TASK INPUTS Start Marker

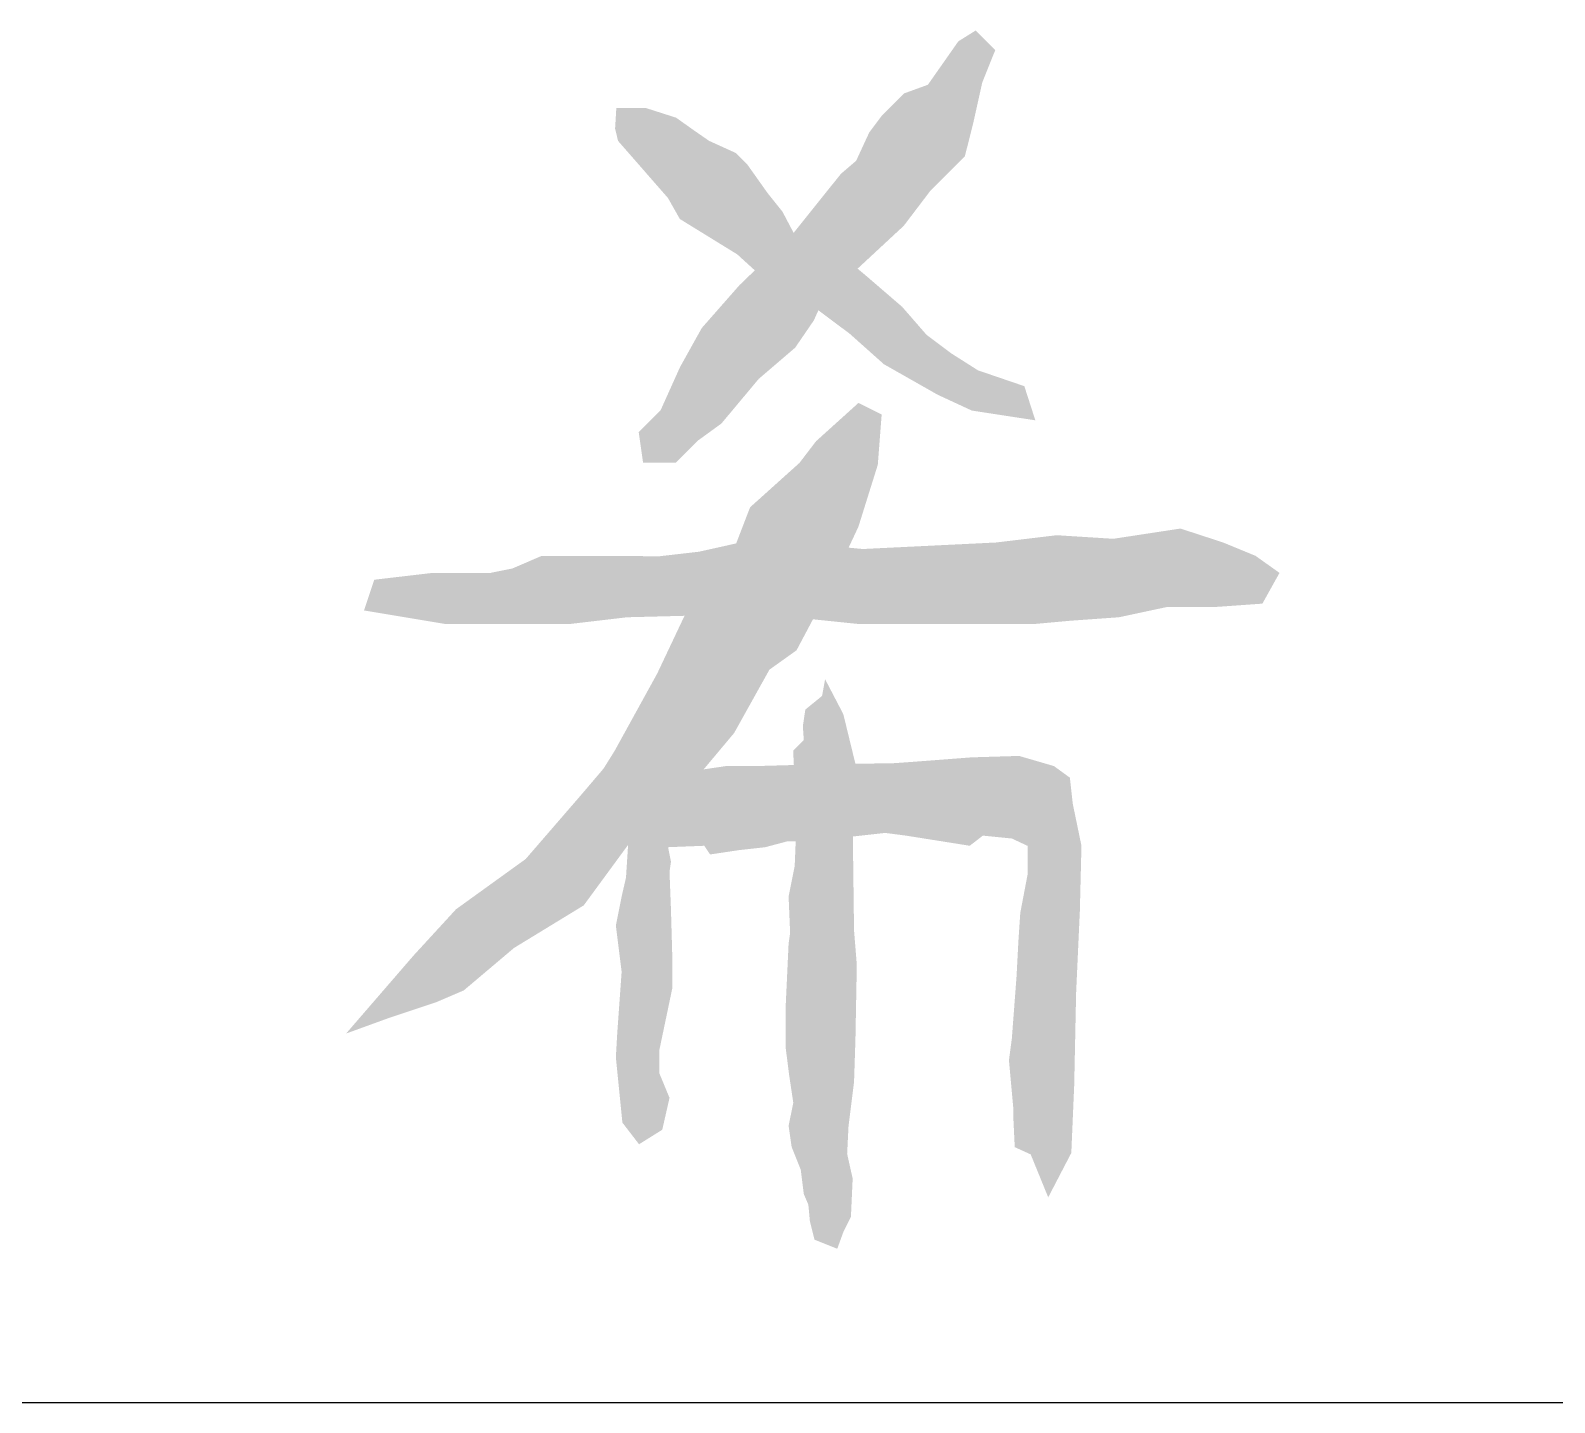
# Model space of a CAD drawing. Extents: x 4678611 to 4812712, y -485691 to -238224.
# Drawn here: x 4776197 to 4776863, y -481741 to -481141 of the extents above; entities that cross this region are included whole.
import ezdxf

# ---------------------------------------------------------------- set-up
doc = ezdxf.new("R2010")
doc.units = 0
doc.header["$LTSCALE"] = 1000
doc.header["$MEASUREMENT"] = 0
doc.layers.get('0').update_dxf_attribs({"linetype": 'CONTINUOUS'})
doc.layers.add('HATCH', color=8, linetype='CONTINUOUS')

msp = doc.modelspace()

# ---------------------------------------------------------------- hatches: boundary and pattern name
at = {"layer": 'HATCH'}
h = msp.add_hatch(color=0, dxfattribs=at)
h.paths.add_polyline_path([(4776578.11, -481262.03), (4776562.64, -481248.7), (4776558.64, -481245.35), (4776543.29, -481259.61), (4776541.52, -481263.54), (4776555.17, -481273.76), (4776570.11, -481287.09), (4776593.59, -481300.42), (4776608.52, -481307.35), (4776622.4, -481309.48), (4776636.27, -481311.61), (4776631.46, -481296.69), (4776611.19, -481289.76), (4776599.45, -481282.29), (4776588.78, -481274.29)])
h.paths.add_polyline_path([(4776558.64, -481245.35), (4776555.03, -481242.31), (4776546, -481236.48), (4776531.16, -481230.58), (4776530.7, -481229.71), (4776518.13, -481241.86), (4776513.75, -481246.09), (4776524.23, -481255.64), (4776540.16, -481262.52), (4776541.52, -481263.54), (4776543.29, -481259.61)])
h.paths.add_polyline_path([(4776590.29, -481211.5), (4776605.48, -481196.32), (4776609.28, -481181.14), (4776613.08, -481164.06), (4776618.78, -481149.82), (4776610.23, -481141.28), (4776602.64, -481146.03), (4776595.99, -481155.52), (4776589.34, -481165.01), (4776578.9, -481168.8), (4776569.4, -481178.29), (4776563.71, -481185.88), (4776558.01, -481198.21), (4776551.36, -481203.91), (4776539.97, -481218.14), (4776530.7, -481229.71), (4776531.16, -481230.58), (4776546, -481236.48), (4776555.03, -481242.31), (4776558.64, -481245.35), (4776567.5, -481237.12), (4776578.79, -481226.64)])
h.paths.add_polyline_path([(4776519.42, -481212.45), (4776510.35, -481199.66), (4776505.55, -481194.86), (4776493.82, -481189.53), (4776486.88, -481184.73), (4776479.41, -481179.4), (4776466.07, -481175.13), (4776453.27, -481175.13), (4776452.73, -481184.19), (4776454.04, -481189.56), (4776459.14, -481195.39), (4776466.33, -481203.62), (4776475.81, -481214.47), (4776481.01, -481223.65), (4776506.09, -481239.11), (4776513.75, -481246.09), (4776518.13, -481241.86), (4776530.7, -481229.71), (4776525.83, -481220.45)])
h.paths.add_polyline_path([(4776539.53, -481267.95), (4776541.52, -481263.54), (4776540.16, -481262.52), (4776524.23, -481255.64), (4776513.75, -481246.09), (4776507.05, -481252.56), (4776490.59, -481271.28), (4776481.09, -481288.35), (4776472.55, -481307.33), (4776463.05, -481316.82), (4776464.95, -481330.1), (4776479.2, -481330.1), (4776488.69, -481320.62), (4776499.14, -481313.03), (4776515.48, -481293.49), (4776531.42, -481279.82)])
h.paths.add_polyline_path([(4776567.46, -481331.04), (4776569.15, -481309.08), (4776559.01, -481304.02), (4776540.52, -481320.72), (4776533.25, -481330.22), (4776511.69, -481349.61), (4776505.62, -481365.39), (4776514.65, -481363.37), (4776554.72, -481367.25), (4776559.01, -481358.06)])
h.paths.add_polyline_path([(4776554.72, -481367.25), (4776514.65, -481363.37), (4776505.62, -481365.39), (4776504.72, -481367.71), (4776483.05, -481397.02), (4776516.14, -481396.17), (4776539.15, -481398.55), (4776547.23, -481383.31)])
h.paths.add_polyline_path([(4776742.9, -481378.28), (4776732.46, -481370.83), (4776718.29, -481364.99), (4776699.64, -481358.9), (4776670.33, -481363.37), (4776645.6, -481361.81), (4776619.11, -481364.99), (4776560.9, -481367.84), (4776554.72, -481367.25), (4776547.23, -481383.31), (4776539.15, -481398.55), (4776559.41, -481400.64), (4776598.19, -481400.64), (4776635.49, -481400.64), (4776651.9, -481399.15), (4776672.78, -481397.66), (4776693.67, -481393.19), (4776714.56, -481393.19), (4776735.44, -481391.7)])
h.paths.add_polyline_path([(4776504.72, -481367.71), (4776505.62, -481365.39), (4776489.43, -481369.01), (4776472.05, -481371.01), (4776444.54, -481370.83), (4776429.62, -481370.83), (4776420.67, -481370.83), (4776407.85, -481376.36), (4776398.29, -481378.28), (4776372.93, -481378.28), (4776347.57, -481381.26), (4776343.09, -481394.68), (4776378.9, -481400.64), (4776432.6, -481400.64), (4776457.96, -481397.66), (4776483.05, -481397.02)])
h.paths.add_polyline_path([(4776520.14, -481420.54), (4776531.97, -481412.09), (4776539.15, -481398.55), (4776516.14, -481396.17), (4776483.05, -481397.02), (4776471.13, -481422.23), (4776452.54, -481456), (4776447.68, -481463.78), (4776438.18, -481474.95), (4776413.67, -481503.29), (4776383.25, -481525.24), (4776364.66, -481545.5), (4776335.26, -481579.52), (4776354.53, -481572.52), (4776374.8, -481565.77), (4776386.63, -481560.7), (4776408.6, -481542.13), (4776439.02, -481523.55), (4776459.42, -481495.73), (4776489.72, -481466.13), (4776504.72, -481448.23)])
h.paths.add_polyline_path([(4776557.69, -481461.69), (4776536.68, -481462.04), (4776530.8, -481462.21), (4776531.17, -481469.85), (4776531.67, -481480.51), (4776531.17, -481490.42), (4776531.61, -481495.59), (4776543.02, -481494.96), (4776548.72, -481494.32), (4776556.57, -481493.45), (4776556.49, -481486.86)])
h.paths.add_polyline_path([(4776552.41, -481439.99), (4776544.45, -481424.73), (4776543.12, -481432.03), (4776535.81, -481438), (4776534.73, -481445.29), (4776535.15, -481451.27), (4776530.5, -481455.92), (4776530.8, -481462.21), (4776536.68, -481462.04), (4776557.69, -481461.69)])
h.paths.add_polyline_path([(4776531.17, -481469.85), (4776530.8, -481462.21), (4776514.51, -481462.67), (4776501.2, -481462.67), (4776491.42, -481464.11), (4776489.72, -481466.13), (4776459.42, -481495.73), (4776458.41, -481497.11), (4776457.49, -481511.41), (4776455.59, -481519.64), (4776453.06, -481532.31), (4776455.59, -481552.56), (4776453.69, -481579.15), (4776453.06, -481589.91), (4776454.96, -481608.9), (4776455.91, -481618.43), (4776463.19, -481627.9), (4776473.33, -481621.57), (4776476.5, -481607.64), (4776472.06, -481596.88), (4776472.06, -481586.75), (4776477.76, -481559.53), (4776477.76, -481547.5), (4776477.13, -481525.34), (4776476.5, -481508.88), (4776477.13, -481504.45), (4776475.86, -481498.12), (4776491.7, -481497.49), (4776494.23, -481501.29), (4776506.91, -481499.39), (4776518.31, -481498.12), (4776527.81, -481495.59), (4776531.61, -481495.59), (4776531.17, -481490.42), (4776531.67, -481480.51)])
h.paths.add_polyline_path([(4776651.35, -481467.74), (4776644.38, -481462.67), (4776629.17, -481458.24), (4776608.27, -481458.87), (4776583.56, -481460.77), (4776574.69, -481461.4), (4776557.69, -481461.69), (4776556.49, -481486.86), (4776556.57, -481493.45), (4776570.69, -481491.88), (4776579.76, -481493.06), (4776607.63, -481497.49), (4776613.34, -481493.06), (4776626.01, -481494.32), (4776632.94, -481497.56), (4776632.94, -481509.74), (4776629.69, -481526.8), (4776628.88, -481538.99), (4776628.07, -481554.42), (4776626.01, -481581.68), (4776624.74, -481591.18), (4776626.64, -481612.07), (4776626.64, -481615.87), (4776627.27, -481629.16), (4776634.24, -481632.33), (4776641.89, -481651.1), (4776651.98, -481631.69), (4776653.25, -481601.94), (4776654.08, -481561.74), (4776655.71, -481525.99), (4776656.41, -481497.49), (4776652.61, -481479.13)])
h.paths.add_polyline_path([(4776556.57, -481493.45), (4776548.72, -481494.32), (4776543.02, -481494.96), (4776531.61, -481495.59), (4776531.17, -481506.35), (4776528.51, -481519.62), (4776529.17, -481535.55), (4776528.51, -481540.19), (4776527.18, -481568.72), (4776527.18, -481585.31), (4776528.75, -481597.72), (4776530.56, -481609.77), (4776528.51, -481619.82), (4776529.84, -481629.11), (4776533.82, -481639.06), (4776535.15, -481649.68), (4776537.14, -481654.32), (4776537.81, -481661.62), (4776539.8, -481669.58), (4776549.76, -481673.56), (4776552.41, -481666.27), (4776555.73, -481659.63), (4776556.49, -481642.91), (4776554.08, -481632.07), (4776554.68, -481620.01), (4776557.09, -481600.73), (4776557.7, -481582.06), (4776558.3, -481549.52), (4776557.09, -481534.46)])

# ---------------------------------------------------------------- linework, layer by layer
msp.add_line((4773772.47, -481740.74), (4779272.47, -481740.74))

doc.saveas('drawing.dxf')

TASK INPUTS End Marker

An exact copy of the lines above, from the one containing "import ezdxf" through the one containing "-481282.29), (4776588.78, -481274.29)])", is the whole of the answer.

— ANSWER FOR THE TASK —
import ezdxf

# ---------------------------------------------------------------- set-up
doc = ezdxf.new("R2010")
doc.units = 0
doc.header["$LTSCALE"] = 1000
doc.header["$MEASUREMENT"] = 0
doc.layers.get('0').update_dxf_attribs({"linetype": 'CONTINUOUS'})
doc.layers.add('HATCH', color=8, linetype='CONTINUOUS')

msp = doc.modelspace()

# ---------------------------------------------------------------- hatches: boundary and pattern name
at = {"layer": 'HATCH'}
h = msp.add_hatch(color=0, dxfattribs=at)
h.paths.add_polyline_path([(4776578.11, -481262.03), (4776562.64, -481248.7), (4776558.64, -481245.35), (4776543.29, -481259.61), (4776541.52, -481263.54), (4776555.17, -481273.76), (4776570.11, -481287.09), (4776593.59, -481300.42), (4776608.52, -481307.35), (4776622.4, -481309.48), (4776636.27, -481311.61), (4776631.46, -481296.69), (4776611.19, -481289.76), (4776599.45, -481282.29), (4776588.78, -481274.29)])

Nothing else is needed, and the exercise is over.